Nathan Law: Well, my answer would still be complacency. I think a large part of the world is being fooled by the Chinese regime. They are very good at disguising themselves under the sugar coating of a peaceful rise. But actually they are aiming at topping the world and expanding their authoritarianism through their multi-continent projects. And the world has woken up relatively late — until they have achieved so much, until the Chinese communist regime has grown into such a massive scale. And I think it really depends on whether the world now learns to cooperate with each other and to have a sense of danger that, if they do not work together, then there will be serious consequences. I think, besides that complacency, there is also a blindfolded vision that pretends that nothing is happening; but actually things are happening in front of them. Clearly it’s just a mental disregard that they have cast to it.

Moderator: So we’re hearing greed, corruption, fear, and complacency. I can certainly say here in the West, or in America, there was a feeling that all of us took democracy for granted. And so I’m interested to hear from each of you. You know, it is up to each individual citizen to safeguard their own democracy, and, a lot of times — or at least here — we haven’t been doing that. What should people be doing? What can people do to safeguard their democracy, to fight for democracy wherever they are? Nathan, I’ll start with you.
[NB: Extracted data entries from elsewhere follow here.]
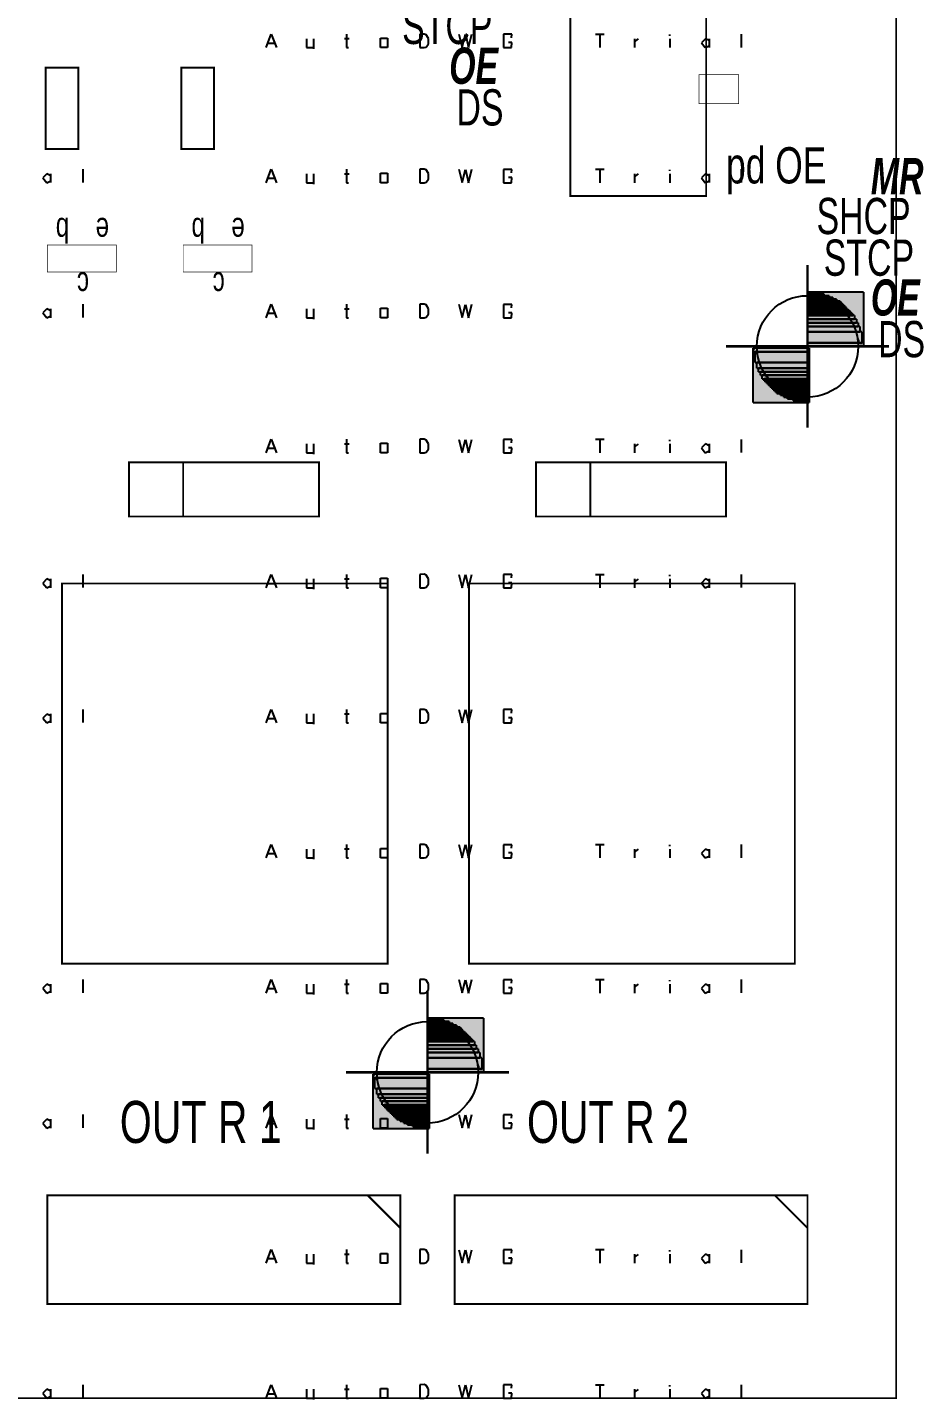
# Model space of a CAD drawing. Extents: x 108 to 262, y 58 to 185.
# Drawn here: x 219.8 to 261.8, y 58.1 to 122.3 of the extents above; entities that cross this region are included whole.
import ezdxf

# ---------------------------------------------------------------- set-up
doc = ezdxf.new("R2010")
doc.units = 0
doc.header["$MEASUREMENT"] = 0
doc.linetypes.add('atContinuous2', pattern=[0])
for name, color, linetype in [('at_Entity', 7, 'Continuous'), ('at_Rect', 7, 'Continuous'), ('at_Solid', 7, 'Continuous'), ('at_Text', 7, 'Continuous')]:
    doc.layers.add(name, color=color, linetype=linetype)
doc.styles.add('Style1', font='arial.ttf', dxfattribs={"height": 0.2})
doc.styles.add('Style2', font='', dxfattribs={"height": 0.2})
doc.styles.add('Style3', font='', dxfattribs={"height": 0.2})
doc.styles.get('Style2').set_extended_font_data('Bank Gothic  Md  B T')
doc.styles.get('Style3').set_extended_font_data('Bank Gothic  Md  B T', italic=True, bold=True)

msp = doc.modelspace()

# ---------------------------------------------------------------- hatches: boundary and pattern name
at = {"layer": 'at_Solid'}
for points in [[(256.363, 107.34), (258.989, 107.34), (258.989, 109.882), (256.363, 109.882)], [(256.363, 107.34), (258.989, 107.34), (258.989, 109.882), (256.363, 109.882)], [(253.821, 104.714), (256.447, 104.714), (256.447, 107.256), (253.821, 107.256)], [(253.821, 104.714), (256.447, 104.714), (256.447, 107.256), (253.821, 107.256)], [(238.572, 73.368), (241.198, 73.368), (241.198, 75.909), (238.572, 75.909)], [(238.572, 73.368), (241.198, 73.368), (241.198, 75.909), (238.572, 75.909)], [(236.03, 70.741), (238.656, 70.741), (238.656, 73.283), (236.03, 73.283)], [(236.03, 70.741), (238.656, 70.741), (238.656, 73.283), (236.03, 73.283)]]:
    msp.add_hatch(color=0, dxfattribs=at).paths.add_polyline_path(points)

# ---------------------------------------------------------------- linework, layer by layer
at = {"color": 28}
for p, q in [((231.016, 121.319), (231.257, 121.951)), ((231.104, 121.529), (231.406, 121.529)), ((231.257, 121.951), (231.498, 121.319)), ((232.912, 121.737), (232.912, 121.319)), ((233.243, 121.737), (233.243, 121.256)), ((234.684, 121.74), (234.898, 121.74)), ((234.776, 121.951), (234.776, 121.319)), ((236.37, 121.768), (236.696, 121.768)), ((236.37, 121.319), (236.37, 121.768)), ((236.696, 121.768), (236.696, 121.319)), ((238.209, 121.951), (238.207, 121.319)), ((238.416, 121.953), (238.209, 121.951)), ((238.51, 121.919), (238.416, 121.953)), ((238.508, 121.345), (238.617, 121.491)), ((238.621, 121.742), (238.51, 121.919)), ((238.617, 121.491), (238.621, 121.742)), ((240.047, 121.948), (240.197, 121.327)), ((240.197, 121.327), (240.347, 121.944)), ((240.347, 121.944), (240.497, 121.32)), ((240.497, 121.32), (240.646, 121.948)), ((242.515, 121.942), (242.134, 121.942)), ((242.134, 121.942), (242.134, 121.319)), ((242.515, 121.556), (242.363, 121.556)), ((242.511, 121.782), (242.515, 121.942)), ((242.511, 121.319), (242.515, 121.556)), ((232.912, 121.319), (233.243, 121.319)), ((234.776, 121.319), (234.875, 121.319)), ((236.696, 121.319), (236.37, 121.319)), ((238.207, 121.319), (238.411, 121.319)), ((238.411, 121.319), (238.508, 121.345)), ((242.134, 121.319), (242.511, 121.319)), ((231.016, 102.359), (231.257, 102.991)), ((231.257, 102.991), (231.498, 102.359)), ((232.912, 102.776), (232.912, 102.359)), ((233.243, 102.776), (233.243, 102.296)), ((234.684, 102.779), (234.898, 102.779)), ((234.776, 102.991), (234.776, 102.359)), ((236.37, 102.807), (236.696, 102.807)), ((236.37, 102.359), (236.37, 102.807)), ((236.696, 102.807), (236.696, 102.359)), ((238.209, 102.991), (238.207, 102.359)), ((238.416, 102.993), (238.209, 102.991)), ((238.51, 102.958), (238.416, 102.993)), ((238.621, 102.782), (238.51, 102.958)), ((238.617, 102.53), (238.621, 102.782)), ((240.047, 102.987), (240.197, 102.367)), ((240.197, 102.367), (240.347, 102.984)), ((240.347, 102.984), (240.497, 102.36)), ((240.497, 102.36), (240.646, 102.987)), ((242.515, 102.981), (242.134, 102.981)), ((242.134, 102.981), (242.134, 102.359)), ((242.511, 102.821), (242.515, 102.981)), ((231.104, 102.569), (231.406, 102.569)), ((232.912, 102.359), (233.243, 102.359)), ((234.776, 102.359), (234.875, 102.359)), ((236.696, 102.359), (236.37, 102.359)), ((238.207, 102.359), (238.411, 102.359)), ((238.411, 102.359), (238.508, 102.384)), ((238.508, 102.384), (238.617, 102.53)), ((242.134, 102.359), (242.511, 102.359)), ((242.515, 102.596), (242.363, 102.596)), ((242.511, 102.359), (242.515, 102.596)), ((231.016, 83.398), (231.257, 84.03)), ((231.104, 83.609), (231.406, 83.609)), ((231.257, 84.03), (231.498, 83.398)), ((232.912, 83.816), (232.912, 83.398)), ((233.243, 83.816), (233.243, 83.335)), ((234.684, 83.819), (234.898, 83.819)), ((234.776, 84.03), (234.776, 83.398)), ((236.37, 83.847), (236.696, 83.847)), ((236.37, 83.398), (236.37, 83.847)), ((236.696, 83.847), (236.696, 83.398)), ((238.209, 84.03), (238.207, 83.398)), ((238.416, 84.033), (238.209, 84.03)), ((238.51, 83.998), (238.416, 84.033)), ((238.508, 83.424), (238.617, 83.57)), ((238.621, 83.822), (238.51, 83.998)), ((238.617, 83.57), (238.621, 83.822)), ((240.047, 84.027), (240.197, 83.406)), ((240.197, 83.406), (240.347, 84.023)), ((240.347, 84.023), (240.497, 83.399)), ((240.497, 83.399), (240.646, 84.027)), ((242.515, 84.021), (242.134, 84.021)), ((242.134, 84.021), (242.134, 83.398)), ((242.515, 83.635), (242.363, 83.635)), ((242.511, 83.861), (242.515, 84.021)), ((242.511, 83.398), (242.515, 83.635)), ((232.912, 83.398), (233.243, 83.398)), ((234.776, 83.398), (234.875, 83.398)), ((236.696, 83.398), (236.37, 83.398)), ((238.207, 83.398), (238.411, 83.398)), ((238.411, 83.398), (238.508, 83.424)), ((242.134, 83.398), (242.511, 83.398)), ((231.016, 64.438), (231.257, 65.07)), ((231.257, 65.07), (231.498, 64.438)), ((232.912, 64.856), (232.912, 64.438)), ((233.243, 64.856), (233.243, 64.375)), ((234.684, 64.859), (234.898, 64.859)), ((234.776, 65.07), (234.776, 64.438)), ((236.37, 64.887), (236.696, 64.887)), ((236.37, 64.438), (236.37, 64.887)), ((236.696, 64.887), (236.696, 64.438)), ((238.209, 65.07), (238.207, 64.438)), ((238.416, 65.072), (238.209, 65.07)), ((238.51, 65.038), (238.416, 65.072)), ((238.621, 64.861), (238.51, 65.038)), ((238.617, 64.61), (238.621, 64.861)), ((240.047, 65.067), (240.197, 64.446)), ((240.197, 64.446), (240.347, 65.063)), ((240.347, 65.063), (240.497, 64.439)), ((240.497, 64.439), (240.646, 65.067)), ((242.515, 65.061), (242.134, 65.061)), ((242.134, 65.061), (242.134, 64.438)), ((242.511, 64.901), (242.515, 65.061)), ((231.104, 64.648), (231.406, 64.648)), ((232.912, 64.438), (233.243, 64.438)), ((234.776, 64.438), (234.875, 64.438)), ((236.696, 64.438), (236.37, 64.438)), ((238.207, 64.438), (238.411, 64.438)), ((238.411, 64.438), (238.508, 64.464)), ((238.508, 64.464), (238.617, 64.61)), ((242.134, 64.438), (242.511, 64.438)), ((242.515, 64.675), (242.363, 64.675)), ((242.511, 64.438), (242.515, 64.675))]:
    msp.add_line(p, q, dxfattribs=at)
at = {"layer": 'at_Entity', "color": 28}
for p, q in [((246.432, 115.631), (246.85, 115.631)), ((246.64, 115.631), (246.64, 114.999)), ((249.922, 115.551), (249.922, 115.607)), ((253.263, 115.628), (253.261, 115.012)), ((248.264, 115.416), (248.264, 114.999)), ((248.268, 115.276), (248.446, 115.409)), ((249.92, 115.418), (249.92, 114.999)), ((251.583, 115.416), (251.394, 115.227)), ((251.394, 115.227), (251.579, 114.999)), ((251.579, 114.999), (251.758, 115.089)), ((251.758, 115.327), (251.583, 115.416)), ((251.756, 115.418), (251.756, 115.003)), ((222.436, 109.308), (222.434, 108.691)), ((220.757, 109.096), (220.567, 108.907)), ((220.567, 108.907), (220.752, 108.679)), ((220.752, 108.679), (220.932, 108.769)), ((220.932, 109.007), (220.757, 109.096)), ((220.929, 109.098), (220.929, 108.682)), ((246.432, 96.67), (246.85, 96.67)), ((246.64, 96.67), (246.64, 96.039)), ((248.264, 96.456), (248.264, 96.039)), ((248.268, 96.315), (248.446, 96.449)), ((249.92, 96.458), (249.92, 96.039)), ((249.922, 96.591), (249.922, 96.647)), ((251.583, 96.456), (251.394, 96.266)), ((251.758, 96.367), (251.583, 96.456)), ((251.756, 96.458), (251.756, 96.042)), ((253.263, 96.668), (253.261, 96.051)), ((251.394, 96.266), (251.579, 96.039)), ((251.579, 96.039), (251.758, 96.129)), ((220.757, 90.135), (220.567, 89.946)), ((220.567, 89.946), (220.752, 89.718)), ((220.932, 90.047), (220.757, 90.135)), ((220.929, 90.138), (220.929, 89.722)), ((222.436, 90.348), (222.434, 89.731)), ((220.752, 89.718), (220.932, 89.809)), ((246.432, 77.71), (246.85, 77.71)), ((246.64, 77.71), (246.64, 77.078)), ((253.263, 77.708), (253.261, 77.091)), ((248.264, 77.495), (248.264, 77.078)), ((248.268, 77.355), (248.446, 77.488)), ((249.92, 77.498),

Nathan Law: Yeah, I think we really need to learn from these countries’ stories, to promote an idea that democracy and freedom are so fragile. People benefit from a free system; they have freedom of speech, they have freedom of flow, and they can enjoy their own personal safety. But those can fade in a relatively easy term, and, to be honest, not many people living in democracies understand that point. So I think these stories are really valuable to be broadcast, and people should not only be the beneficiaries of these free systems but also the guardians of it. The protection of freedom is not in the hands of the powerful people and the regimes but in the hands of the people who are recognizing the fact that there are many demagogues and greedy people that want to reap the fruits of a free society and to stay in power forever. So I think it’s important to broadcast our stories, and this is a valuable lesson to be learned from the world.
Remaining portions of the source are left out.